Am I Blue?

FINALLY, I’m watching Derek Jarman’s BLUE.

In common with Jarman’s collaborator Ken Russell, for whom Jarman designed THE DEVILS and SAVAGE MESSIAH, I loved Jarman more than I loved his films. Russell identified Jarman’s personal joyousness as being the quality somewhat lacking in his films. But the same charge was leveled at Ingmar Bergman, who claimed to be a fun guy. Jarman was a force of life — I was lucky enough to see him speak a number of times, at Filmhouse and the DeMarco Gallery, and each time I felt I’d seen a whole movie.

THE LAST OF ENGLAND marks the beginning of Jarman’s late period — he goes from early to late without a middle, thanks to AIDS. I believe we’d have seen a whole series of films building on the particular strengths of CARAVAGGIO and featuring Tilda Swinton as muse, if not for that terrible illness. When ENGLAND screened at Edinburgh, we were told that Jarman hadn’t even been able to watch it — the shattering music and sound design was too strong for him to withstand.

BLUE comes on as a gentler work — not just because it almost totally lacks an image track, just that luminous blue. Of course, your eyes keep working, and won’t accept such a blank picture.

A friend who saw the film projected remarked that he fixated on a spot of damage on the cinema screen. The version I’m looking at has a fair bit of sparkle on the original print, so my eyes are darting around to follow these little glitterballs. And I don’t have the benefit of a darkened auditorium. But at least the cat has shut up.

For some reason I hadn’t anticipated the effect of natural sounds — initiially, a cafe — in this film, shorn of the usual visual accompaniment. The blue screen — blue was all that Jarman could see at this point — makes us feel blind, in a way that we never do listening to a radio play. Something is less than nothing.

“I have played this scenario back and forth for a year,” says the VO, and Simon Fisher Turner follows it with a discordant recurring set of chimes that perfectly captures the sensation of an unshakeable thought spiralling around in your mind.

“Blue transcends the solemn geography of human limits.”

The last time I saw Jarman he was very thin, very frail, and being assisted across the Filmhouse lobby. Though I’d heard he was dying, his appearance was shocking to me since I’d last seen him a few years before in good health.

But he was smiling.

“Blue transcends the solemn geography of human limits.”

BLUE is the film where Jarman expresses his joy, his love of life, as it is ending.

“Blue transcends the solemn geography of human limits.”

“Blue transcends the solemn geography of human limits.”
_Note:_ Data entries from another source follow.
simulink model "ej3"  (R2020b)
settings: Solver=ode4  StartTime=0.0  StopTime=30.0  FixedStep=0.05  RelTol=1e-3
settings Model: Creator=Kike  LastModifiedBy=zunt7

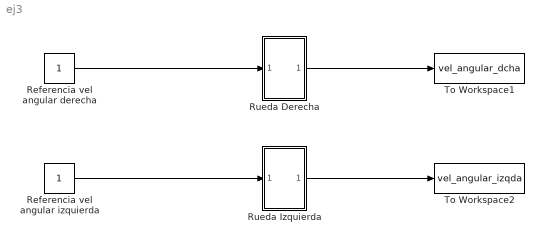
== system ej3 ==
  Referencia vel angular derecha : Constant
  Referencia vel angular izquierda : Constant
  Rueda Derecha : Subsystem
  Rueda Izquierda : Subsystem
  To Workspace1 : ToWorkspace  VariableName=vel_angular_dcha  SaveFormat=Timeseries  SampleTime=-1
  To Workspace2 : ToWorkspace  VariableName=vel_angular_izqda  SaveFormat=Timeseries  SampleTime=-1
  wires:
  Referencia vel angular derecha/1 -> Rueda Derecha/1(In1)
  Rueda Derecha/1(Out1) -> To Workspace1/1
  Rueda Izquierda/1(Out1) -> To Workspace2/1
  Referencia vel angular izquierda/1 -> Rueda Izquierda/1(In1)

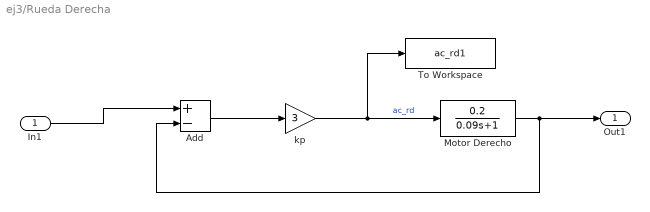
== system ej3/Rueda Derecha ==
  In1 : Inport
  Add : Sum  Inputs=+-
  Motor Derecho : TransferFcn  Numerator=[0.2]  Denominator=[0.09 1]
  To Workspace : ToWorkspace  VariableName=ac_rd1  SaveFormat=Timeseries  SampleTime=-1
  kp : Gain  Gain=3
  Out1 : Outport
  wires:
  In1/1 -> Add/1
  kp/1 -> To Workspace/1, Motor Derecho/1  "ac_rd"
  Add/1 -> kp/1
  Motor Derecho/1 -> Out1/1, Add/2

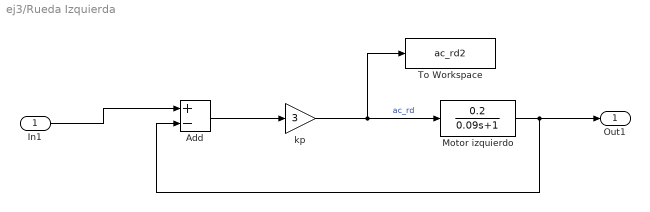
== system ej3/Rueda Izquierda ==
  In1 : Inport
  Add : Sum  Inputs=+-
  Motor izquierdo : TransferFcn  Numerator=[0.2]  Denominator=[0.09 1]
  To Workspace : ToWorkspace  VariableName=ac_rd2  SaveFormat=Timeseries  SampleTime=-1
  kp : Gain  Gain=3
  Out1 : Outport
  wires:
  In1/1 -> Add/1
  kp/1 -> To Workspace/1, Motor izquierdo/1  "ac_rd"
  Add/1 -> kp/1
  Motor izquierdo/1 -> Out1/1, Add/2
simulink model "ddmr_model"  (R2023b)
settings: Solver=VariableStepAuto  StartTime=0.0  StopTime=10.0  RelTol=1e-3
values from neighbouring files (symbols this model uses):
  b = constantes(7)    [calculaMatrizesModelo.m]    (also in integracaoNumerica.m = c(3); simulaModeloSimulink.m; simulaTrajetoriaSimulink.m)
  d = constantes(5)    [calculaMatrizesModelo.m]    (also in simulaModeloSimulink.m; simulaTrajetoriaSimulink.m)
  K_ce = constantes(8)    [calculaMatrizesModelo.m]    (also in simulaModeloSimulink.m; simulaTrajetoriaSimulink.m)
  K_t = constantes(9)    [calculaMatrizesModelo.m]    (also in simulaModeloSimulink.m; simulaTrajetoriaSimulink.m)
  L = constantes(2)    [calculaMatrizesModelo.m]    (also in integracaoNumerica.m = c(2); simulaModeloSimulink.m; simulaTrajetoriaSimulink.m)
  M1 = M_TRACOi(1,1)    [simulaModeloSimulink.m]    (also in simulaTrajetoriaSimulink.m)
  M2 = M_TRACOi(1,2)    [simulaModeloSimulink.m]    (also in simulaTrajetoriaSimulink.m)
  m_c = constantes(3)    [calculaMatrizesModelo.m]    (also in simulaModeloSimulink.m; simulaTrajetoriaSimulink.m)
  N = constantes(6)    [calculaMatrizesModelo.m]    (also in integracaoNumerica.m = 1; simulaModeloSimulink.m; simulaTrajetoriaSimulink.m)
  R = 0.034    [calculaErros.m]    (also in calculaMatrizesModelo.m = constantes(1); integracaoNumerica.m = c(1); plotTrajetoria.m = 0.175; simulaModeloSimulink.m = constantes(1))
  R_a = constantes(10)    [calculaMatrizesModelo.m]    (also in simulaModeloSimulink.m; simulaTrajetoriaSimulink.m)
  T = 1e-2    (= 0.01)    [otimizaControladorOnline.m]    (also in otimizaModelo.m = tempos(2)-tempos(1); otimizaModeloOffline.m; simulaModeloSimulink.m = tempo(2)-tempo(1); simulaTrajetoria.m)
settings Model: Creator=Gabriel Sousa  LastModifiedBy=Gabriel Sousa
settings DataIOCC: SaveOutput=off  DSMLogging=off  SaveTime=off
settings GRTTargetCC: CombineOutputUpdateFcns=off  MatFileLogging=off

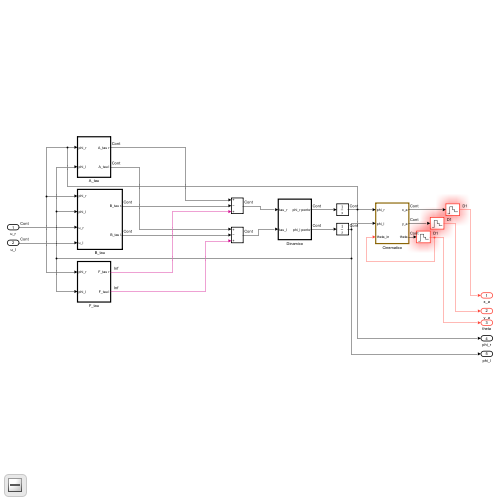
[thumbnail: Simulink's stored preview of the top-level diagram]
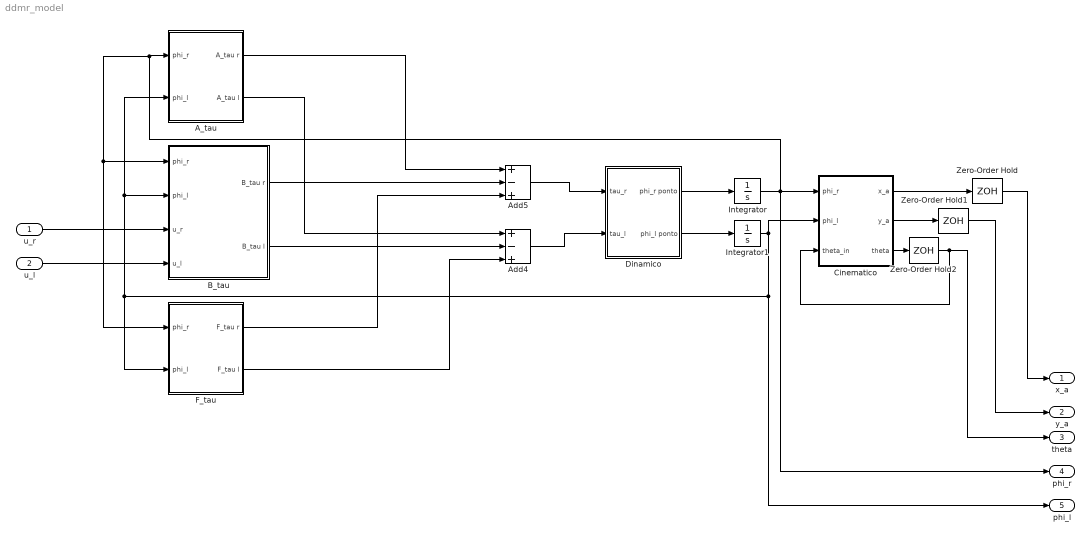
== system ddmr_model ==
  u_r : Inport
  u_l : Inport  Port=2
  A_tau : Subsystem  TreatAsAtomicUnit=on
      settings: MinAlgLoopOccurrences=on
  Add4 : Sum  Inputs=+-+
  Add5 : Sum  Inputs=+-+
  B_tau : Subsystem  TreatAsAtomicUnit=on
      settings: MinAlgLoopOccurrences=on
  Cinematico : Subsystem  TreatAsAtomicUnit=on
      settings: MinAlgLoopOccurrences=on
  Dinamico : Subsystem  TreatAsAtomicUnit=on
      settings: MinAlgLoopOccurrences=on
  F_tau : Subsystem  TreatAsAtomicUnit=on
      settings: MinAlgLoopOccurrences=on
  Integrator : Integrator
  Integrator1 : Integrator
  Zero-Order Hold : ZeroOrderHold  SampleTime=T
  Zero-Order Hold1 : ZeroOrderHold  SampleTime=T
  Zero-Order Hold2 : ZeroOrderHold  SampleTime=T
  x_a : Outport
  y_a : Outport  Port=2
  theta : Outport  Port=3
  phi_r : Outport  Port=4
  phi_l : Outport  Port=5
  wires:
  Add4/1 -> Dinamico/2(tau_l)
  B_tau/2(B_tau l) -> Add4/2
  Zero-Order Hold1/1 -> y_a/1
  Zero-Order Hold2/1 -> Cinematico/3(theta_in), theta/1
  Zero-Order Hold/1 -> x_a/1
  Add5/1 -> Dinamico/1(tau_r)
  Integrator1/1 -> B_tau/2(phi_l), A_tau/2(phi_l), F_tau/2(phi_l), phi_l/1, Cinematico/2(phi_l)
  A_tau/1(A_tau r) -> Add5/1
  B_tau/1(B_tau r) -> Add5/2
  u_r/1 -> B_tau/3(u_r)
  F_tau/2(F_tau l) -> Add4/3
  u_l/1 -> B_tau/4(u_l)
  A_tau/2(A_tau l) -> Add4/1
  Cinematico/1(x_a) -> Zero-Order Hold/1
  Dinamico/1(phi_r ponto) -> Integrator/1
  Cinematico/3(theta) -> Zero-Order Hold2/1
  Dinamico/2(phi_l ponto) -> Integrator1/1
  F_tau/1(F_tau r) -> Add5/3
  Integrator/1 -> phi_r/1, Cinematico/1(phi_r), F_tau/1(phi_r), B_tau/1(phi_r), A_tau/1(phi_r)
  Cinematico/2(y_a) -> Zero-Order Hold1/1

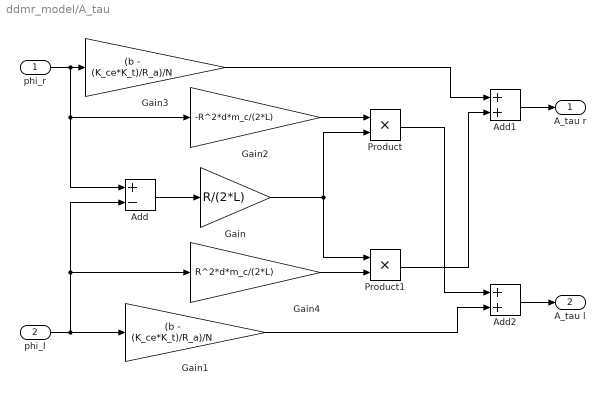
== system ddmr_model/A_tau ==
  phi_r : Inport
  phi_l : Inport  Port=2
  Add : Sum  Inputs=+-
  Add1 : Sum
  Add2 : Sum
  Gain : Gain  Gain=R/(2*L)
  Gain1 : Gain  Gain=(b - (K_ce*K_t)/R_a)/N
  Gain2 : Gain  Gain=-R^2*d*m_c/(2*L)
  Gain3 : Gain  Gain=(b - (K_ce*K_t)/R_a)/N
  Gain4 : Gain  Gain=R^2*d*m_c/(2*L)
  Product : Product
  Product1 : Product
  A_tau r : Outport
  A_tau l : Outport  Port=2
  wires:
  phi_r/1 -> Add/1, Gain2/1, Gain3/1
  Gain3/1 -> Add1/1
  Gain1/1 -> Add2/2
  phi_l/1 -> Gain1/1, Gain4/1, Add/2
  Add/1 -> Gain/1
  Gain4/1 -> Product1/2
  Gain/1 -> Product/2, Product1/1
  Gain2/1 -> Product/1
  Product1/1 -> Add1/2
  Product/1 -> Add2/1
  Add2/1 -> A_tau l/1
  Add1/1 -> A_tau r/1

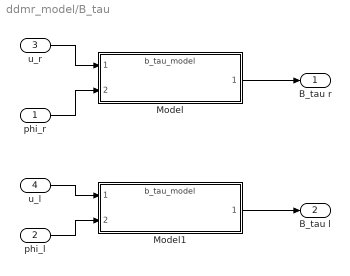
== system ddmr_model/B_tau ==
  phi_r : Inport
  phi_l : Inport  Port=2
  u_r : Inport  Port=3
  u_l : Inport  Port=4
  Model : ModelReference  ModelNameDialog=b_tau_model.slx  SimulationMode=Normal  ModelReferenceVersion=1.1
  Model1 : ModelReference  ModelNameDialog=b_tau_model.slx  SimulationMode=Normal  ModelReferenceVersion=1.1
  B_tau r : Outport
  B_tau l : Outport  Port=2
  wires:
  Model1/1 -> B_tau l/1
  u_r/1 -> Model/1
  phi_r/1 -> Model/2
  Model/1 -> B_tau r/1
  u_l/1 -> Model1/1
  phi_l/1 -> Model1/2

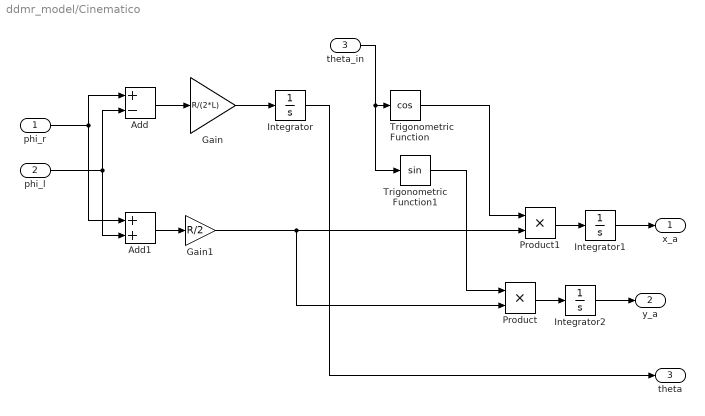
== system ddmr_model/Cinematico ==
  phi_r : Inport
  phi_l : Inport  Port=2
  theta_in : Inport  Port=3
  Add : Sum  Inputs=+-
  Add1 : Sum
  Gain : Gain  Gain=R/(2*L)
  Gain1 : Gain  Gain=R/2
  Integrator : Integrator
  Integrator1 : Integrator
  Integrator2 : Integrator
  Product : Product
  Product1 : Product
  Trigonometric Function : Trigonometry  Operator=cos  OutputSignalType=real
  Trigonometric Function1 : Trigonometry  OutputSignalType=real
  x_a : Outport  VectorParamsAs1DForOutWhenUnconnected=off
  y_a : Outport  Port=2  VectorParamsAs1DForOutWhenUnconnected=off
  theta : Outport  Port=3  VectorParamsAs1DForOutWhenUnconnected=off
  wires:
  phi_r/1 -> Add/1, Add1/1
  phi_l/1 -> Add/2, Add1/2
  Add/1 -> Gain/1
  Gain/1 -> Integrator/1
  Add1/1 -> Gain1/1
  Trigonometric Function/1 -> Product1/1
  Trigonometric Function1/1 -> Product/1
  Product/1 -> Integrator2/1
  Product1/1 -> Integrator1/1
  Integrator1/1 -> x_a/1
  Integrator2/1 -> y_a/1
  Gain1/1 -> Product1/2, Product/2
  Integrator/1 -> theta/1
  theta_in/1 -> Trigonometric Function1/1, Trigonometric Function/1

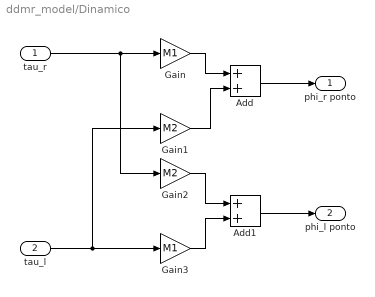
== system ddmr_model/Dinamico ==
  tau_r : Inport
  tau_l : Inport  Port=2
  Add : Sum
  Add1 : Sum
  Gain : Gain  Gain=M1
  Gain1 : Gain  Gain=M2
  Gain2 : Gain  Gain=M2
  Gain3 : Gain  Gain=M1
  phi_r ponto : Outport  VectorParamsAs1DForOutWhenUnconnected=off
  phi_l ponto : Outport  Port=2  VectorParamsAs1DForOutWhenUnconnected=off
  wires:
  Add1/1 -> phi_l ponto/1
  Gain/1 -> Add/1
  Gain1/1 -> Add/2
  Gain2/1 -> Add1/1
  Gain3/1 -> Add1/2
  tau_r/1 -> Gain/1, Gain2/1
  tau_l/1 -> Gain1/1, Gain3/1
  Add/1 -> phi_r ponto/1

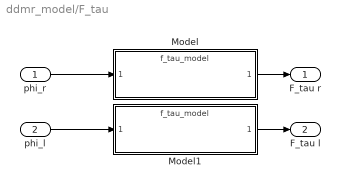
== system ddmr_model/F_tau ==
  phi_r : Inport
  phi_l : Inport  Port=2
  Model : ModelReference  ModelNameDialog=f_tau_model.slx  SimulationMode=Normal  ModelReferenceVersion=1.1
  Model1 : ModelReference  ModelNameDialog=f_tau_model.slx  SimulationMode=Normal  ModelReferenceVersion=1.1
  F_tau r : Outport
  F_tau l : Outport  Port=2
  wires:
  phi_l/1 -> Model1/1
  Model/1 -> F_tau r/1
  Model1/1 -> F_tau l/1
  phi_r/1 -> Model/1

“Blue transcends the solemn geography of human limits.”

13 Responses to “Am I Blue?”

  1. ooh oh I adored his writing and he was very very kind and encouraging. I wrote to him at university as someone told me he was really ill saying how much I liked his films. I came down to my post box in my hall of residence to a parcel from him with Dancing Ledge in it. Still a treasured possession. And once at a booksigning at the Filmhouse a saw a young man go up apologise for not having the book as too broke and Jarman just filched a copy off the pile beside him and inscribed it to him.

  2. I missed the Blue premiere at EIFF as I was busy making my first short film … was Fiona with us? Off Your Trolley

  3. Danny Carr Says:

    I remember being amused when Channel 4 showed it letterboxed.

  4. At the time I couldn’t face sitting in a cinema looking at blueness for 70 mins. It felt demented, though I think I respected the reasons the movie was the way it was. Though I wasn’t sure you could call it a movie. Now I’m fascinated.

    I suppose it’s the ultimate example of film shrinking to fit its director’s state of health, as with late Bertolucci.